* ASSIGNMENT *
Give again, unaltered, the lines of the listing below that run from the line having "#86=ORIENTED_EDGE('',*,*,#85,.T.);" through the line having "#113=VECTOR('',#112,1.);".

* DATA FOR REVIEW *
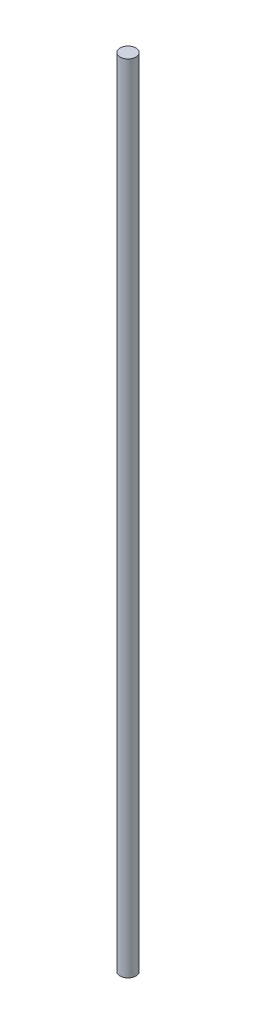
ISO-10303-21;
HEADER;
FILE_DESCRIPTION(('STEP AP214'),'2;1');
FILE_NAME('part.step','',(''),(''),'','','');
FILE_SCHEMA(('AUTOMOTIVE_DESIGN { 1 0 10303 214 1 1 1 1 }'));
ENDSEC;
DATA;
#1=APPLICATION_CONTEXT('core data for automotive mechanical design processes');
#2=APPLICATION_PROTOCOL_DEFINITION('international standard','automotive_design',2000,#1);
#3=PRODUCT_CONTEXT('',#1,'mechanical');
#4=PRODUCT('Part','Part','',(#3));
#5=PRODUCT_RELATED_PRODUCT_CATEGORY('part','',(#4));
#6=PRODUCT_DEFINITION_FORMATION('','',#4);
#7=PRODUCT_DEFINITION_CONTEXT('part definition',#1,'design');
#8=PRODUCT_DEFINITION('design','',#6,#7);
#9=PRODUCT_DEFINITION_SHAPE('','',#8);
#10=(LENGTH_UNIT() NAMED_UNIT(*) SI_UNIT(.MILLI.,.METRE.));
#11=(NAMED_UNIT(*) PLANE_ANGLE_UNIT() SI_UNIT($,.RADIAN.));
#12=(NAMED_UNIT(*) SI_UNIT($,.STERADIAN.) SOLID_ANGLE_UNIT());
#13=UNCERTAINTY_MEASURE_WITH_UNIT(LENGTH_MEASURE(1.E-05),#10,'distance_accuracy_value','');
#14=(GEOMETRIC_REPRESENTATION_CONTEXT(3) GLOBAL_UNCERTAINTY_ASSIGNED_CONTEXT((#13)) GLOBAL_UNIT_ASSIGNED_CONTEXT((#10,
#11,#12)) REPRESENTATION_CONTEXT('',''));
#15=CARTESIAN_POINT('',(0.,0.,0.));
#16=DIRECTION('',(0.,0.,1.));
#17=DIRECTION('',(1.,0.,0.));
#18=AXIS2_PLACEMENT_3D('',#15,#16,#17);
#19=CARTESIAN_POINT('',(0.,100.,0.));
#20=DIRECTION('',(0.,-1.,0.));
#21=DIRECTION('',(0.,0.,-1.));
#22=AXIS2_PLACEMENT_3D('',#19,#20,#21);
#23=CYLINDRICAL_SURFACE('',#22,1.);
#24=CARTESIAN_POINT('',(0.,100.,0.));
#25=DIRECTION('',(0.,1.,0.));
#26=DIRECTION('',(0.,0.,1.));
#27=AXIS2_PLACEMENT_3D('',#24,#25,#26);
#28=CIRCLE('',#27,1.);
#29=CARTESIAN_POINT('',(0.,100.,1.));
#30=VERTEX_POINT('',#29);
#31=EDGE_CURVE('E10',#30,#30,#28,.T.);
#32=ORIENTED_EDGE('',*,*,#31,.F.);
#33=EDGE_LOOP('',(#32));
#34=FACE_BOUND('',#33,.T.);
#35=CARTESIAN_POINT('',(0.,0.,0.));
#36=DIRECTION('',(0.,1.,0.));
#37=DIRECTION('',(0.,0.,1.));
#38=AXIS2_PLACEMENT_3D('',#35,#36,#37);
#39=CIRCLE('',#38,1.);
#40=CARTESIAN_POINT('',(0.,0.,1.));
#41=VERTEX_POINT('',#40);
#42=EDGE_CURVE('E39',#41,#41,#39,.T.);
#43=ORIENTED_EDGE('',*,*,#42,.T.);
#44=EDGE_LOOP('',(#43));
#45=FACE_BOUND('',#44,.T.);
#46=ADVANCED_FACE('F36',(#34,#45),#23,.T.);
#47=CARTESIAN_POINT('',(0.,100.,0.));
#48=DIRECTION('',(0.,1.,0.));
#49=DIRECTION('',(0.,0.,1.));
#50=AXIS2_PLACEMENT_3D('',#47,#48,#49);
#51=PLANE('',#50);
#52=ORIENTED_EDGE('',*,*,#31,.T.);
#53=EDGE_LOOP('',(#52));
#54=FACE_BOUND('',#53,.T.);
#55=ADVANCED_FACE('F51',(#54),#51,.T.);
#56=CARTESIAN_POINT('',(0.,0.,0.));
#57=DIRECTION('',(0.,1.,0.));
#58=DIRECTION('',(0.,0.,1.));
#59=AXIS2_PLACEMENT_3D('',#56,#57,#58);
#60=PLANE('',#59);
#61=ORIENTED_EDGE('',*,*,#42,.F.);
#62=EDGE_LOOP('',(#61));
#63=FACE_BOUND('',#62,.T.);
#64=ADVANCED_FACE('F49',(#63),#60,.F.);
#65=CLOSED_SHELL('',(#46,#55,#64));
#66=MANIFOLD_SOLID_BREP('B2',#65);
#67=ADVANCED_BREP_SHAPE_REPRESENTATION('',(#18,#66),#14);
#68=SHAPE_DEFINITION_REPRESENTATION(#9,#67);
ENDSEC;
END-ISO-10303-21;
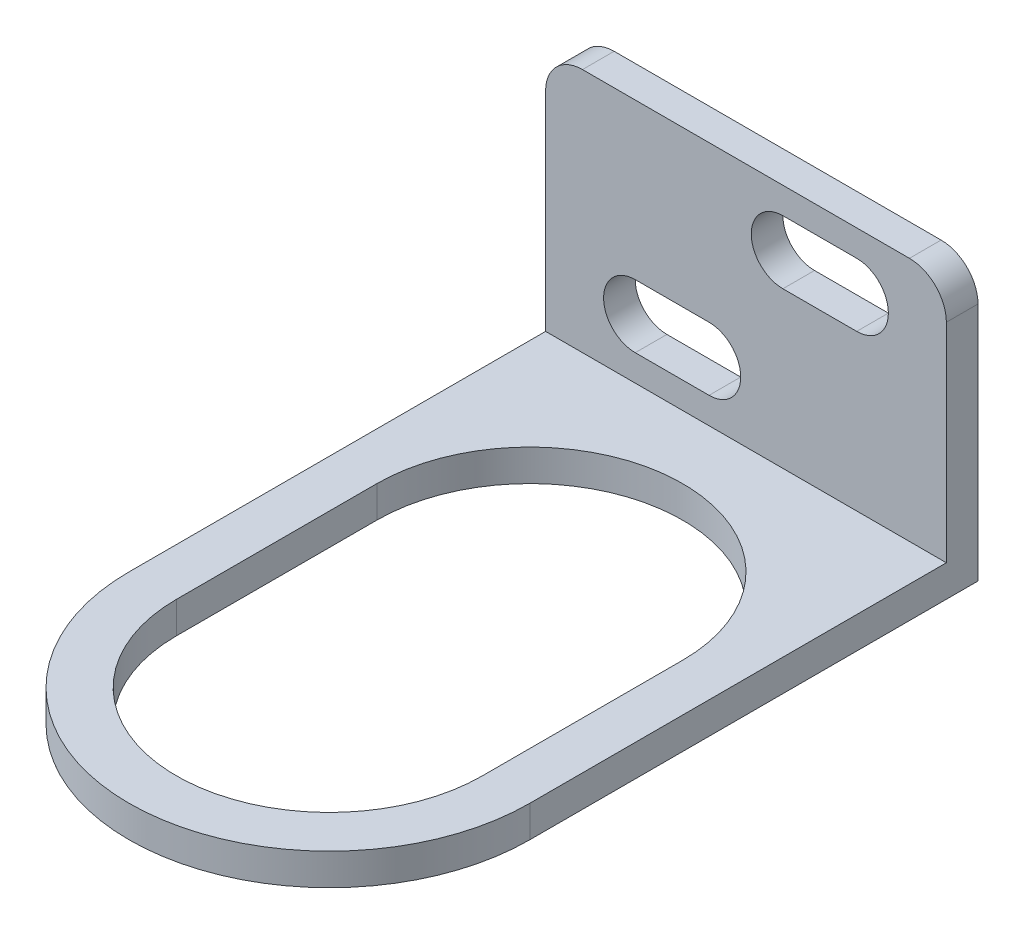
ISO-10303-21;
HEADER;
FILE_DESCRIPTION(('STEP AP214'),'2;1');
FILE_NAME('part.step','',(''),(''),'','','');
FILE_SCHEMA(('AUTOMOTIVE_DESIGN { 1 0 10303 214 1 1 1 1 }'));
ENDSEC;
DATA;
#1=APPLICATION_CONTEXT('core data for automotive mechanical design processes');
#2=APPLICATION_PROTOCOL_DEFINITION('international standard','automotive_design',2000,#1);
#3=PRODUCT_CONTEXT('',#1,'mechanical');
#4=PRODUCT('Part','Part','',(#3));
#5=PRODUCT_RELATED_PRODUCT_CATEGORY('part','',(#4));
#6=PRODUCT_DEFINITION_FORMATION('','',#4);
#7=PRODUCT_DEFINITION_CONTEXT('part definition',#1,'design');
#8=PRODUCT_DEFINITION('design','',#6,#7);
#9=PRODUCT_DEFINITION_SHAPE('','',#8);
#10=(LENGTH_UNIT() NAMED_UNIT(*) SI_UNIT(.MILLI.,.METRE.));
#11=(NAMED_UNIT(*) PLANE_ANGLE_UNIT() SI_UNIT($,.RADIAN.));
#12=(NAMED_UNIT(*) SI_UNIT($,.STERADIAN.) SOLID_ANGLE_UNIT());
#13=UNCERTAINTY_MEASURE_WITH_UNIT(LENGTH_MEASURE(1.E-05),#10,'distance_accuracy_value','');
#14=(GEOMETRIC_REPRESENTATION_CONTEXT(3) GLOBAL_UNCERTAINTY_ASSIGNED_CONTEXT((#13)) GLOBAL_UNIT_ASSIGNED_CONTEXT((#10,
#11,#12)) REPRESENTATION_CONTEXT('',''));
#15=CARTESIAN_POINT('',(0.,0.,0.));
#16=DIRECTION('',(0.,0.,1.));
#17=DIRECTION('',(1.,0.,0.));
#18=AXIS2_PLACEMENT_3D('',#15,#16,#17);
#19=CARTESIAN_POINT('',(-38.,0.,63.));
#20=DIRECTION('',(0.,-1.,0.));
#21=DIRECTION('',(0.,0.,-1.));
#22=AXIS2_PLACEMENT_3D('',#19,#20,#21);
#23=PLANE('',#22);
#24=DIRECTION('',(0.,0.,1.));
#25=VECTOR('',#24,1.);
#26=CARTESIAN_POINT('',(-33.5,0.,0.));
#27=LINE('',#26,#25);
#28=CARTESIAN_POINT('',(-33.5,0.,23.5));
#29=VERTEX_POINT('',#28);
#30=CARTESIAN_POINT('',(-33.5,0.,42.5));
#31=VERTEX_POINT('',#30);
#32=EDGE_CURVE('E348',#29,#31,#27,.T.);
#33=ORIENTED_EDGE('',*,*,#32,.T.);
#34=CARTESIAN_POINT('',(-19.,0.,42.5));
#35=DIRECTION('',(0.,1.,0.));
#36=DIRECTION('',(0.,0.,1.));
#37=AXIS2_PLACEMENT_3D('',#34,#35,#36);
#38=CIRCLE('',#37,14.5);
#39=CARTESIAN_POINT('',(-4.5,0.,42.5));
#40=VERTEX_POINT('',#39);
#41=EDGE_CURVE('E360',#31,#40,#38,.T.);
#42=ORIENTED_EDGE('',*,*,#41,.T.);
#43=DIRECTION('',(0.,0.,1.));
#44=VECTOR('',#43,1.);
#45=CARTESIAN_POINT('',(-4.5,0.,0.));
#46=LINE('',#45,#44);
#47=CARTESIAN_POINT('',(-4.5,0.,23.5));
#48=VERTEX_POINT('',#47);
#49=EDGE_CURVE('E358',#48,#40,#46,.T.);
#50=ORIENTED_EDGE('',*,*,#49,.F.);
#51=CARTESIAN_POINT('',(-19.,0.,23.5));
#52=DIRECTION('',(0.,1.,0.));
#53=DIRECTION('',(0.,0.,1.));
#54=AXIS2_PLACEMENT_3D('',#51,#52,#53);
#55=CIRCLE('',#54,14.5);
#56=EDGE_CURVE('E340',#48,#29,#55,.T.);
#57=ORIENTED_EDGE('',*,*,#56,.T.);
#58=EDGE_LOOP('',(#33,#42,#50,#57));
#59=FACE_BOUND('',#58,.T.);
#60=DIRECTION('',(0.,0.,-1.));
#61=VECTOR('',#60,1.);
#62=CARTESIAN_POINT('',(0.,0.,63.));
#63=LINE('',#62,#61);
#64=CARTESIAN_POINT('',(0.,0.,42.5));
#65=VERTEX_POINT('',#64);
#66=CARTESIAN_POINT('',(0.,0.,0.));
#67=VERTEX_POINT('',#66);
#68=EDGE_CURVE('E206',#65,#67,#63,.T.);
#69=ORIENTED_EDGE('',*,*,#68,.F.);
#70=CARTESIAN_POINT('',(-19.,0.,42.5));
#71=DIRECTION('',(0.,1.,0.));
#72=DIRECTION('',(0.,0.,1.));
#73=AXIS2_PLACEMENT_3D('',#70,#71,#72);
#74=CIRCLE('',#73,19.);
#75=CARTESIAN_POINT('',(-38.,0.,42.5));
#76=VERTEX_POINT('',#75);
#77=EDGE_CURVE('E72',#76,#65,#74,.T.);
#78=ORIENTED_EDGE('',*,*,#77,.F.);
#79=DIRECTION('',(0.,0.,-1.));
#80=VECTOR('',#79,1.);
#81=CARTESIAN_POINT('',(-38.,0.,63.));
#82=LINE('',#81,#80);
#83=CARTESIAN_POINT('',(-38.,0.,0.));
#84=VERTEX_POINT('',#83);
#85=EDGE_CURVE('E204',#76,#84,#82,.T.);
#86=ORIENTED_EDGE('',*,*,#85,.T.);
#87=DIRECTION('',(1.,0.,0.));
#88=VECTOR('',#87,1.);
#89=CARTESIAN_POINT('',(-38.,0.,0.));
#90=LINE('',#89,#88);
#91=EDGE_CURVE('E233',#84,#67,#90,.T.);
#92=ORIENTED_EDGE('',*,*,#91,.T.);
#93=EDGE_LOOP('',(#69,#78,#86,#92));
#94=FACE_BOUND('',#93,.T.);
#95=ADVANCED_FACE('F57',(#59,#94),#23,.T.);
#96=CARTESIAN_POINT('',(-38.,3.,63.));
#97=DIRECTION('',(0.,-1.,0.));
#98=DIRECTION('',(0.,0.,-1.));
#99=AXIS2_PLACEMENT_3D('',#96,#97,#98);
#100=PLANE('',#99);
#101=CARTESIAN_POINT('',(-19.,3.,42.5));
#102=DIRECTION('',(0.,1.,0.));
#103=DIRECTION('',(0.,0.,1.));
#104=AXIS2_PLACEMENT_3D('',#101,#102,#103);
#105=CIRCLE('',#104,14.5);
#106=CARTESIAN_POINT('',(-33.5,3.,42.5));
#107=VERTEX_POINT('',#106);
#108=CARTESIAN_POINT('',(-4.5,3.,42.5));
#109=VERTEX_POINT('',#108);
#110=EDGE_CURVE('E352',#107,#109,#105,.T.);
#111=ORIENTED_EDGE('',*,*,#110,.F.);
#112=DIRECTION('',(0.,0.,1.));
#113=VECTOR('',#112,1.);
#114=CARTESIAN_POINT('',(-33.5,3.,0.));
#115=LINE('',#114,#113);
#116=CARTESIAN_POINT('',(-33.5,3.,23.5));
#117=VERTEX_POINT('',#116);
#118=EDGE_CURVE('E354',#117,#107,#115,.T.);
#119=ORIENTED_EDGE('',*,*,#118,.F.);
#120=CARTESIAN_POINT('',(-19.,3.,23.5));
#121=DIRECTION('',(0.,1.,0.));
#122=DIRECTION('',(0.,0.,1.));
#123=AXIS2_PLACEMENT_3D('',#120,#121,#122);
#124=CIRCLE('',#123,14.5);
#125=CARTESIAN_POINT('',(-4.5,3.,23.5));
#126=VERTEX_POINT('',#125);
#127=EDGE_CURVE('E345',#126,#117,#124,.T.);
#128=ORIENTED_EDGE('',*,*,#127,.F.);
#129=DIRECTION('',(0.,0.,1.));
#130=VECTOR('',#129,1.);
#131=CARTESIAN_POINT('',(-4.5,3.,0.));
#132=LINE('',#131,#130);
#133=EDGE_CURVE('E349',#126,#109,#132,.T.);
#134=ORIENTED_EDGE('',*,*,#133,.T.);
#135=EDGE_LOOP('',(#111,#119,#128,#134));
#136=FACE_BOUND('',#135,.T.);
#137=CARTESIAN_POINT('',(-19.,3.,42.5));
#138=DIRECTION('',(0.,1.,0.));
#139=DIRECTION('',(0.,0.,1.));
#140=AXIS2_PLACEMENT_3D('',#137,#138,#139);
#141=CIRCLE('',#140,19.);
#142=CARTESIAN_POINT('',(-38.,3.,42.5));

* SOLUTION *
#86=ORIENTED_EDGE('',*,*,#85,.T.);
#87=DIRECTION('',(1.,0.,0.));
#88=VECTOR('',#87,1.);
#89=CARTESIAN_POINT('',(-38.,0.,0.));
#90=LINE('',#89,#88);
#91=EDGE_CURVE('E233',#84,#67,#90,.T.);
#92=ORIENTED_EDGE('',*,*,#91,.T.);
#93=EDGE_LOOP('',(#69,#78,#86,#92));
#94=FACE_BOUND('',#93,.T.);
#95=ADVANCED_FACE('F57',(#59,#94),#23,.T.);
#96=CARTESIAN_POINT('',(-38.,3.,63.));
#97=DIRECTION('',(0.,-1.,0.));
#98=DIRECTION('',(0.,0.,-1.));
#99=AXIS2_PLACEMENT_3D('',#96,#97,#98);
#100=PLANE('',#99);
#101=CARTESIAN_POINT('',(-19.,3.,42.5));
#102=DIRECTION('',(0.,1.,0.));
#103=DIRECTION('',(0.,0.,1.));
#104=AXIS2_PLACEMENT_3D('',#101,#102,#103);
#105=CIRCLE('',#104,14.5);
#106=CARTESIAN_POINT('',(-33.5,3.,42.5));
#107=VERTEX_POINT('',#106);
#108=CARTESIAN_POINT('',(-4.5,3.,42.5));
#109=VERTEX_POINT('',#108);
#110=EDGE_CURVE('E352',#107,#109,#105,.T.);
#111=ORIENTED_EDGE('',*,*,#110,.F.);
#112=DIRECTION('',(0.,0.,1.));
#113=VECTOR('',#112,1.);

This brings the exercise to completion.